Mr Burrows, who was speaking in Belfast at the launch of new bank notes, admitted that the theft had been deeply embarrassing for the bank. But he said the bank is confident that none of the information stored on the computers has been illegally used.

How can the bank be confident that none of the information has been used illegally? They are monitoring the BoI accounts of those 10,000 victims, but do you think the only potential scam is to withdraw money? These thieves are resourceful enough to rob a bank, could we not assume that they’re capable of taking some medical records and personal details and selling them to professional scammers who are far more experienced in matters of fraud than anyone who works at BoI?

The issue here is an underlying lack of responsibility from BoI from start to finish. They were irresponsible when it came to protecting your data. They were irresponsible when they opted not to disclose the breaches initially. And now they’re being irresponsible as they play down the potential impact, moving to dismiss legitimate concerns that victims might have.

BBC’s The Real Hustle is a TV show focusing on how easy it is to be scammed and conned in every day life. This week, the team posed as recruitment consultants, highlighting the trust that job seekers are willing to impart during their job search.
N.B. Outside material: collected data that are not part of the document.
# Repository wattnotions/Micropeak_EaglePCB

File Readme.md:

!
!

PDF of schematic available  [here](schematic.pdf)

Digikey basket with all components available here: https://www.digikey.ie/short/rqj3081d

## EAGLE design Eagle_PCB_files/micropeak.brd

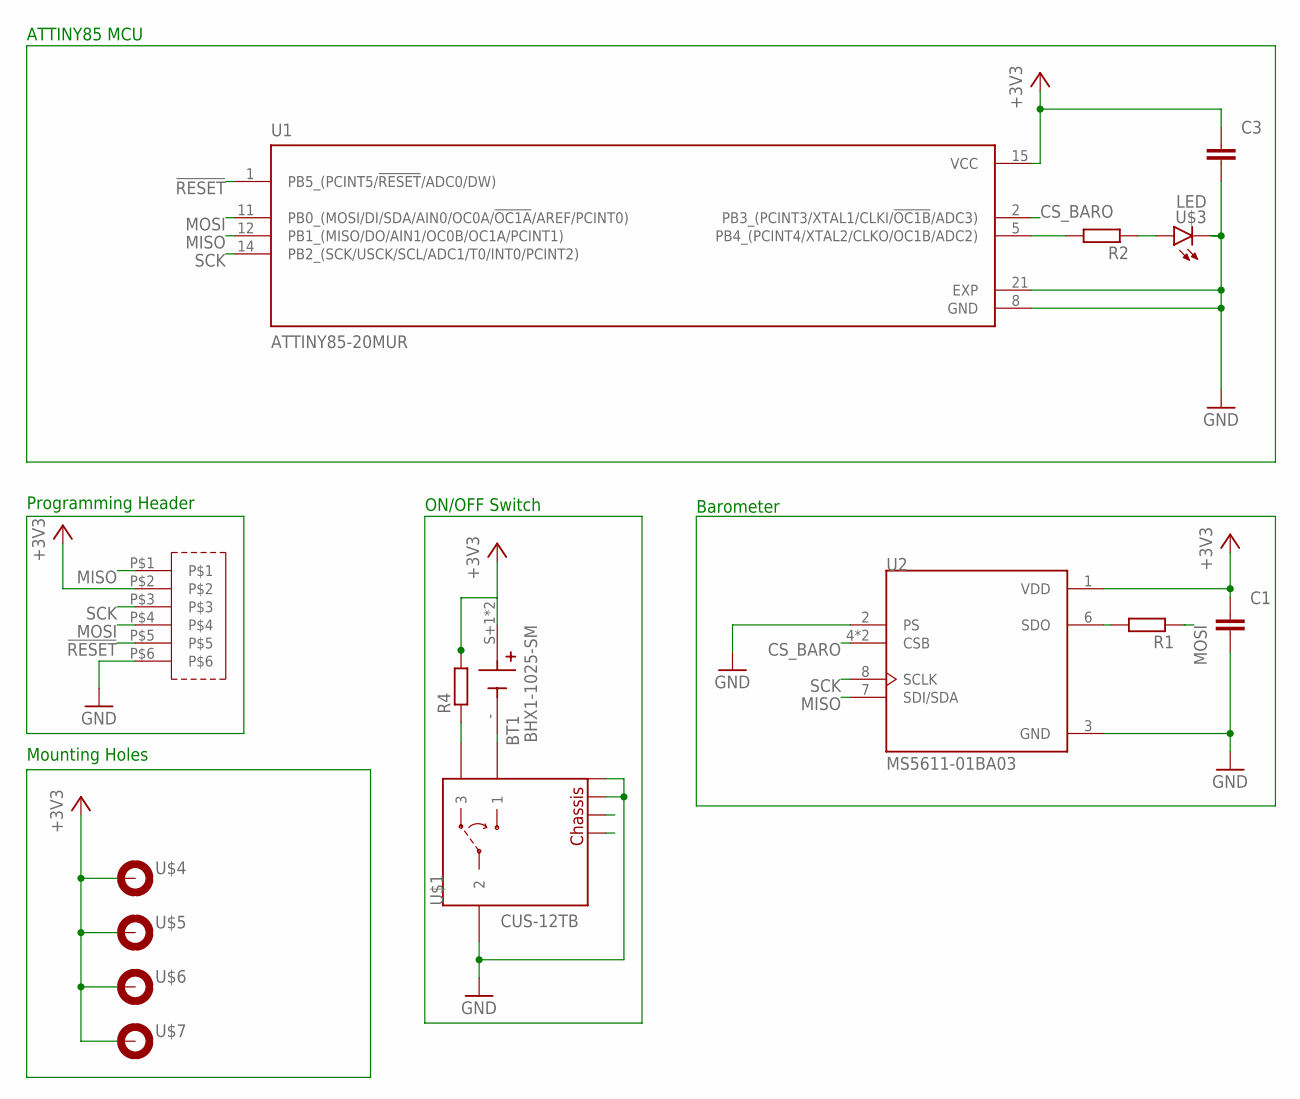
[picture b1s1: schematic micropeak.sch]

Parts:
BT1: BHX1-1025-SM; BAT_BHX1-1025-SM
C1, C3: C-EUC0402; C0402
R1, R2, R4: R-EU_R0402; R0402
U1: ATTINY85-20MUR; QFN50P400X400X80-21N
U2: MS5611-01BA03; SON125P500X300X100-8N
U$1: CUS-12TB; CUS-12B
U$2: 1X6_PROG_HEADER; 1X6_SMD_HEADER_PADS
U$3: LED; LED_LYT68B-T2V1-26-Z
U$4, U$5, U$6, U$7: MOUNT_HOLE; 2,8-PAD

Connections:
!RESET!: U1.1 (PB5_(PCINT5/!RESET!/ADC0/DW)), U$2.P$5
+3V3: BT1.S+1 (+), BT1.S+2 (+), C1.1, C3.1, R4.2, U1.15 (VCC), U2.1 (VDD), U$2.P$2, U$4.B2,8, U$5.B2,8, U$6.B2,8, U$7.B2,8
CS_BARO: U1.2 (PB3_(PCINT3/XTAL1/CLKI/!OC1B!/ADC3)), U2.4 (CSB), U2.5 (CSB)
GND: C1.2, C3.2, U1.8 (GND), U1.21 (EXP), U2.2 (PS), U2.3 (GND), U$1.P$2 (2), U$1.P$4 (GND), U$1.P$5 (GND), U$2.P$6, U$3.C
MISO: U1.12 (PB1_(MISO/DO/AIN1/OC0B/OC1A/PCINT1)), U2.7 (SDI/SDA), U$2.P$1
MOSI: R1.1, U1.11 (PB0_(MOSI/DI/SDA/AIN0/OC0A/!OC1A!/AREF/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), U$2.P$4
unnamed: BT1.-, U$1.P$1 (1)
unnamed: R4.1, U$1.P$3 (3)
unnamed: R2.2, U1.5 (PB4_(PCINT4/XTAL2/CLKO/OC1B/ADC2))
unnamed: R2.1, U$3.A
unnamed: R1.2, U2.6 (SDO)
SCK: U1.14 (PB2_(SCK/USCK/SCL/ADC1/T0/INT0/PCINT2)), U2.8 (SCLK), U$2.P$3

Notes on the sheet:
ATTINY85 MCU
Programming Header
ON/OFF Switch
Barometer
Mounting Holes

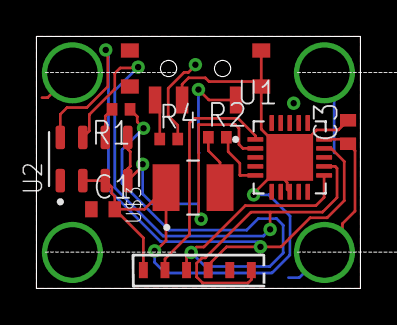
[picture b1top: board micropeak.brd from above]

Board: 2 copper layers, 18.0 x 14.0 mm, 15 parts (1 on the bottom side), 12 nets.

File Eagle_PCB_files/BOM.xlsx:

MFG Part Num | Digikey Part Number | Quantity | Description
LO T67K-K1L2-24-Z | 475-2745-1-ND | 1 | 2-PLCC Orange LED
BHX1-1025-SM | BHX1-1025-SM-ND | 1 | 10mm coin cell battery holder
CUS-12TB | 563-1102-1-ND | 1 | ON/OFF switch
ATTINY85-20MUR | ATTINY85-20MURCT-ND | 1 | Attiny85 MCU QFN package
MS561101BA03-50 | 223-1622-1-ND | 1 | Barometric pressure sensor

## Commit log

2023-01-22 image of micropeak schematic from geda-gschem
2023-01-23 found micropeak fw - changed folder structure
2023-01-23 moved images folder
2023-01-23 added attiny 85 sym and fp
2023-01-23 added power switch sym and fp
2023-01-23 added BOM
2023-01-23 added schematic sheet template
2023-01-23 updated on/off switch sym to make spdt layout clearer
2023-01-23 added prog header sym
2023-01-23 prog header smd pad size worked out as 0.9x1.2mm
2023-01-23 pitch 1.7mm
2023-01-23 schematic done
2023-01-23 scaled board image incorrecly, smd pads actually 0.5x0.9mm
2023-01-23 updated bom with correct LED
2023-01-23 replaced mounting holes with correct size hole
2023-01-23 fixed incorrect prog header pad sizes
2023-01-23 made 18x14mm board outline
2023-01-23 prelim floorplanning started
2023-01-24 added correct led datasheet
2023-01-24 have holes and outline positioned correctly - floorplanning done pretty much
2023-01-25 routing done
2023-01-25 test image to see if I can get it into readme
2023-01-25 updated readme with schematic pic
2023-01-25 updated readme trying to fix markup
2023-01-25 fixed typo in file name
2023-01-25 added gerbers
2023-01-25 added resistor values
2023-01-25 added backup files to gitignore
2023-01-25 deleted backup files
2023-01-25 updated readme with digikey basket
2023-01-25 added resistors and caps to BOM

The clip is an eye-opener - “identity theft on a grand scale”. In this episode, the girl gives her passport number and bank statements, which allow the hustlers to apply for mortgages, credit cards, duplicate passports, and birth certificates all in her name. She is not alone, as the other job seekers give their details without question, assuming that the recruitment agency is on their side. The staffing industry is very fragmented with the majority of recruitment companies doing less than $2 million in revenue. With so many small, owner-operated agencies, it is difficult to know who you can trust.

What The Real Hustle describes as “a steady stream of job seekers all willing to divulge their personal details” exists on the internet on a scale a million times larger. Due to the lower barrier to entry for online recruitment sites, without the need to rent an office or put on a suit, the online jobs market is even more fragmented and inherently less trustworthy. Even the most “legit” job sites have shown that, even if they do have your best interests in mind, they do not always take the steps necessary to protect your identity.

People often underestimate the value of information, but even something as inconspicuous as a maiden name is sometimes used as a password for banking. In this video, the girl is asked to choose a 4-digit pin number as part of her application, and she uses the same one as on her bank card. This is often the case with the passwords people choose online. Bad practices, such as storing plain-text passwords, are always going to exist; improving awareness is the key for now.